Creating DSLs with Ruby

by Jim Freeze

March 16, 2006

Summary

Broadly speaking, there are two ways to create a DSL. One is to invent a syntax from scratch, and build an interpreter or compiler. The other is to tailor an existing general-purpose language by adding or changing methods, operators, and default actions. This article explores using the latter method to build a DSL on top of Ruby.

A DSL, or domain specific language, is a (usually small) programming or description language designed for a fairly narrow purpose. In contrast to general-purpose languages designed to handle arbitrary computational tasks, DSLs are specific to particular domains. You can create a DSL in two basic ways:

Invent a DSL syntax from scratch, and build an interpreter or compiler.
Tailor an existing general-purpose language by adding or changing methods, operators, and default actions.

An advantage to the second approach is that you save time because you don't have to write and debug a new language, leaving you more time to focus on the problem confronting the end-user. Among the disadvantages is that the DSL will be constrained by the syntax and the capabilities of the underlying general-purpose language. Furthermore, building on another language often means that the full power of the base language is available to the end-user, which may be a plus or minus depending on the circumstances. This article explores using the second approach to build a DSL on top of Ruby.

Describing Stackup Models

At my job, where I work as an interconnect modeling engineer, we needed a way to describe the vertical geometric profile of the circuitry on a semiconductor wafer. Descriptions were kept in a stackup model file (We coined the word stackup because of the logical way the metal wires are constructed by stacking layers on top of each other in the fabrication process). The issue was that each vendor had their own format for describing a stackup; but we wanted a common format so we could convert between the various file types. In other words, we needed to define a common stackup DSL and write a program that could export from our stackup format to any of the other vendors’ stackup format.
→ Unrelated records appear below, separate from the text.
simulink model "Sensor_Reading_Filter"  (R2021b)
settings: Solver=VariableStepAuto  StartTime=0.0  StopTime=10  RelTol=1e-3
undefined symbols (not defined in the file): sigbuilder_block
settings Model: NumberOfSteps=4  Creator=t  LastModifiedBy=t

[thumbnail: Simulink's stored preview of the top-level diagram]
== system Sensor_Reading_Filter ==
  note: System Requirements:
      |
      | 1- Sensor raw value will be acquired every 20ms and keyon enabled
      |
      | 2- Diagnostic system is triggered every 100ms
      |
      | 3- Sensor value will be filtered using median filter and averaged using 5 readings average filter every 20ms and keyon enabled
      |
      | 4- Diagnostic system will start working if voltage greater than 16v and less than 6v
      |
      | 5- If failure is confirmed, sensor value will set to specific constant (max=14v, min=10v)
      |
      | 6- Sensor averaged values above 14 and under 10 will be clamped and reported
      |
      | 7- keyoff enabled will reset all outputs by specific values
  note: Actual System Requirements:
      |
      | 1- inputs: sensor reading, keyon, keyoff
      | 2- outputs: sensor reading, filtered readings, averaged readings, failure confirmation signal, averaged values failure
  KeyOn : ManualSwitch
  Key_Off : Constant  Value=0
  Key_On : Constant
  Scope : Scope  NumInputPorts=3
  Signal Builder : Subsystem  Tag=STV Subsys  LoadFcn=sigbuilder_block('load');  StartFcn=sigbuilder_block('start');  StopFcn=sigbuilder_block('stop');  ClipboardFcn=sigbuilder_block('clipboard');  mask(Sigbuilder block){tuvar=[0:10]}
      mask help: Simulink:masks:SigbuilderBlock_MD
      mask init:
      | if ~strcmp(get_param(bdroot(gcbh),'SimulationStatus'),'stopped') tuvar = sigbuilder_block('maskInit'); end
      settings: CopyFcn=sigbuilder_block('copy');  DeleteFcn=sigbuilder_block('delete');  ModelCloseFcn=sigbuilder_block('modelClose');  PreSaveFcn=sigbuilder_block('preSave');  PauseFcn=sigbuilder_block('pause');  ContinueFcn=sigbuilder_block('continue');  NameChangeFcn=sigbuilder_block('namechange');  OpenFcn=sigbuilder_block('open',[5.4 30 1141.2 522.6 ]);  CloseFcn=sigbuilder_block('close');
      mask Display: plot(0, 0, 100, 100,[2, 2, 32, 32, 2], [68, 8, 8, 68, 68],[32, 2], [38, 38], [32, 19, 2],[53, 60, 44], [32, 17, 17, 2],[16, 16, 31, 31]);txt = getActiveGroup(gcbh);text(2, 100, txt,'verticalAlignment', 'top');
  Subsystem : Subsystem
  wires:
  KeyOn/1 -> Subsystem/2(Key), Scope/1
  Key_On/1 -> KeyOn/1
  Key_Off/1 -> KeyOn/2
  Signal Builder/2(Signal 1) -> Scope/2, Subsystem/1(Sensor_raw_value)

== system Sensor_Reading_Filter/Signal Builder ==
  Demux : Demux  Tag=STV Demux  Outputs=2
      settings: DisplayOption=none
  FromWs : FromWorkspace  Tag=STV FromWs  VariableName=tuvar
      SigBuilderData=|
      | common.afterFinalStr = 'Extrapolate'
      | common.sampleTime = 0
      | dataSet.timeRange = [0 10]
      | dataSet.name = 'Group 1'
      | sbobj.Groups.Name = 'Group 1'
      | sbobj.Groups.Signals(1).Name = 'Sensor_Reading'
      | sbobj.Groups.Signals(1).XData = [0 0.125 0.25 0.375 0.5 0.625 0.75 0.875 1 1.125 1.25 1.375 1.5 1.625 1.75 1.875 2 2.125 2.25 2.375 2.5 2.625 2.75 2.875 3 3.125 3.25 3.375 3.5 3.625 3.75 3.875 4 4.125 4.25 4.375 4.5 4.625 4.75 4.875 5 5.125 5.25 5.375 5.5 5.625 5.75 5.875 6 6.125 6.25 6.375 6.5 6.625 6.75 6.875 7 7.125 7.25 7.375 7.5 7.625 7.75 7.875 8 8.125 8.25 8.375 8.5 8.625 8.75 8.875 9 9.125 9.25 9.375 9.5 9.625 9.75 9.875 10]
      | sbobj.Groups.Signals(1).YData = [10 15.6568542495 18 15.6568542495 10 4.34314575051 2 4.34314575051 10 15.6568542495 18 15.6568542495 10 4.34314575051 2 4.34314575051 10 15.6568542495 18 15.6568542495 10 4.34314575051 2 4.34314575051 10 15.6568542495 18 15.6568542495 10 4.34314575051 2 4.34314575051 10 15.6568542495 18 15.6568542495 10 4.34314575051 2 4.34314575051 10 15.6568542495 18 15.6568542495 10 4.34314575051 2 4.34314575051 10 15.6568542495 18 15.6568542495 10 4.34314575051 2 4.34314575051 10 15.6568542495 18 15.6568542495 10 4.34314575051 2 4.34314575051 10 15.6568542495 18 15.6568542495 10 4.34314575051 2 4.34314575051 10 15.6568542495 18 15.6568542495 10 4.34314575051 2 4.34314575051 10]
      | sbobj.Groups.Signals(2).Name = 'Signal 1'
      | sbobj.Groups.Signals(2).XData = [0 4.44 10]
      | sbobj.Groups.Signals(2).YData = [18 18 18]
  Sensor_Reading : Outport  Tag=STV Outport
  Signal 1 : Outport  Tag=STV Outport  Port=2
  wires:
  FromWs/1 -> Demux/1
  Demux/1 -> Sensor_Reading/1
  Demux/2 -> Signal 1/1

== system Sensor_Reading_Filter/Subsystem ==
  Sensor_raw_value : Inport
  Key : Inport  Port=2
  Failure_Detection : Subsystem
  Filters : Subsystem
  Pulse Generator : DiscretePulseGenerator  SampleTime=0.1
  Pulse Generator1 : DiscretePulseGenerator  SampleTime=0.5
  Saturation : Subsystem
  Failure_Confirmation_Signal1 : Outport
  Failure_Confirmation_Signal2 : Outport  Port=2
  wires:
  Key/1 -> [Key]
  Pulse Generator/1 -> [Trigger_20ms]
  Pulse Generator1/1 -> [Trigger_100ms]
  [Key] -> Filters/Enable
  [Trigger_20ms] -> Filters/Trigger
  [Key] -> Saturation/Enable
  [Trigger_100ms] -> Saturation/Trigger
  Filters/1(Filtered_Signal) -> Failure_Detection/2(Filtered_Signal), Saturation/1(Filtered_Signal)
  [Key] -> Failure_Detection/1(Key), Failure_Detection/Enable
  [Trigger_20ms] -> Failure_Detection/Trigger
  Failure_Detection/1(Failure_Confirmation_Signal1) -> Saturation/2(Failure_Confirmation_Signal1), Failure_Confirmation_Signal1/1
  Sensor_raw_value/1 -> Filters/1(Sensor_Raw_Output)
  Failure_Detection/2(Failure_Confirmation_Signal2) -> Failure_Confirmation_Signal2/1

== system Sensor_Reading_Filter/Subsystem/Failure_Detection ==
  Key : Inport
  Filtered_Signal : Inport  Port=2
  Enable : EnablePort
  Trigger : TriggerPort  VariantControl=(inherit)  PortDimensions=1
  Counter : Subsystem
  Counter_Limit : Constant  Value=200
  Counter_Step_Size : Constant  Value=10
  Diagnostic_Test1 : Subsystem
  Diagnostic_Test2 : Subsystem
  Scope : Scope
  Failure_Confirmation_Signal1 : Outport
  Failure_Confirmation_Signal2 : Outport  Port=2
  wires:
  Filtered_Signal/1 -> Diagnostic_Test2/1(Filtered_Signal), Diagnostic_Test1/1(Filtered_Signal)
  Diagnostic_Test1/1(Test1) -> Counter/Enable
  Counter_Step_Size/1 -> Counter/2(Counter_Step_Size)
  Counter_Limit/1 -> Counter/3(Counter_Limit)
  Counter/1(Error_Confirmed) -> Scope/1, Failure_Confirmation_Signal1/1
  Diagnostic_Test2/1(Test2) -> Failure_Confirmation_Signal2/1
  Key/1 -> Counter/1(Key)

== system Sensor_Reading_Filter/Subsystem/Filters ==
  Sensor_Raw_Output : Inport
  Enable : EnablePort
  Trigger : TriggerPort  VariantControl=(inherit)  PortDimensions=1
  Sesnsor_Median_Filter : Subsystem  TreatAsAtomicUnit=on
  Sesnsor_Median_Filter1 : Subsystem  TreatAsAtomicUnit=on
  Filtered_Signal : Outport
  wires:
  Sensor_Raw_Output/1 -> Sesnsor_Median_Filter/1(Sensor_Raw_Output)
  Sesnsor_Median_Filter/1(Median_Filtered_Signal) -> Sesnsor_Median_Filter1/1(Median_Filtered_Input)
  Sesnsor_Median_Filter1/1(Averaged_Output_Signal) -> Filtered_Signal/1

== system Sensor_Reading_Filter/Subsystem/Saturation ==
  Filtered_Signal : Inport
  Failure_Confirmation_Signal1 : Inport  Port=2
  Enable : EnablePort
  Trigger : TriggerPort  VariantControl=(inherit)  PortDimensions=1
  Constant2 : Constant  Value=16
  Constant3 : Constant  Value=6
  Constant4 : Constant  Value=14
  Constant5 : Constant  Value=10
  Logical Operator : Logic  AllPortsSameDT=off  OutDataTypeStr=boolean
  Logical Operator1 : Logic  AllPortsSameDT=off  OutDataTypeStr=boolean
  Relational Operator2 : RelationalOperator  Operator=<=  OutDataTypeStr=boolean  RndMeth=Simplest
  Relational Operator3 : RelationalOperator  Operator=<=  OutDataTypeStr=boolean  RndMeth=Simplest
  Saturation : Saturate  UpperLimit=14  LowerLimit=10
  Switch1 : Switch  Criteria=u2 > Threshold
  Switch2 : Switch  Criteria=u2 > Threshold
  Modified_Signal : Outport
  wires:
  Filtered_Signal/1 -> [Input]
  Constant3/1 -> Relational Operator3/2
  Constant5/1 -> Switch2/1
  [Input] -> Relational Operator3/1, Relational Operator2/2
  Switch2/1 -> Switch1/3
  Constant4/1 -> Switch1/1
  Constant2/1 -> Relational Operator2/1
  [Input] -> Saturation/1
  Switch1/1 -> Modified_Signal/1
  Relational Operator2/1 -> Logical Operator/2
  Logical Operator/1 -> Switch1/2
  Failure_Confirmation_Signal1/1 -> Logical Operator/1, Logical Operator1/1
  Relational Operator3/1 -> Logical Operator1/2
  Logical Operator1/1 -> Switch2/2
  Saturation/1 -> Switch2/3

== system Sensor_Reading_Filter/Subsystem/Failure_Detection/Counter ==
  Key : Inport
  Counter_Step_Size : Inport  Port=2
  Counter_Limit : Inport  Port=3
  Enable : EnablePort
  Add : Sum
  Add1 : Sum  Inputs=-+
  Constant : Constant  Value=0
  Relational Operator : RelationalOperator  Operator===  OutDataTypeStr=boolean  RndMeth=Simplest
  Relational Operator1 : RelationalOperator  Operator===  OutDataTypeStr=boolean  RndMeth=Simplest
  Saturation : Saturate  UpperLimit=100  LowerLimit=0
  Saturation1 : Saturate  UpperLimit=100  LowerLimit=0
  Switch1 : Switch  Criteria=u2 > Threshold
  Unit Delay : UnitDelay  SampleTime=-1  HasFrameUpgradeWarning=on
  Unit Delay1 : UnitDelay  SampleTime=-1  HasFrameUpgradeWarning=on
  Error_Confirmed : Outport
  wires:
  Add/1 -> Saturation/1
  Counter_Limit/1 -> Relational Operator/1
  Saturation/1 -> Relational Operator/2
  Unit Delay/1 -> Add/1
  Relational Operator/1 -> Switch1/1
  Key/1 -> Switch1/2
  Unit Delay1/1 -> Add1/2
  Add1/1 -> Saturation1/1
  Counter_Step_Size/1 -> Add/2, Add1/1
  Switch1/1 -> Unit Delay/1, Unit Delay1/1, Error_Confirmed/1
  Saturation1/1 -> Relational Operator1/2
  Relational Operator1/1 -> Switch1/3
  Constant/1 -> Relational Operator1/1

The vendors did not use a sophisticated DSL language, but instead their languages contained only static data elements in a mostly flat textual database. Their file formats did not allow for parameterized types, variables, constants, or equations. Just static data. Further, the format was overly simple. It was either line based or block based with one level of hierarchy.

We started out describing our stack-up format with limited ambition since we only needed to meet the vendors’ level of implementation. But once we saw the benefit of having a more expressive language, we quickly augmented our format. Why were we able to do this, but not the vendors? I believe it was because we used Ruby as a DSL, rather than start from scratch using C as the vendors did. Granted, other languages could have been used, but I don’t think the finished product would have been as elegant; the selection of the general-purpose language is a critical step.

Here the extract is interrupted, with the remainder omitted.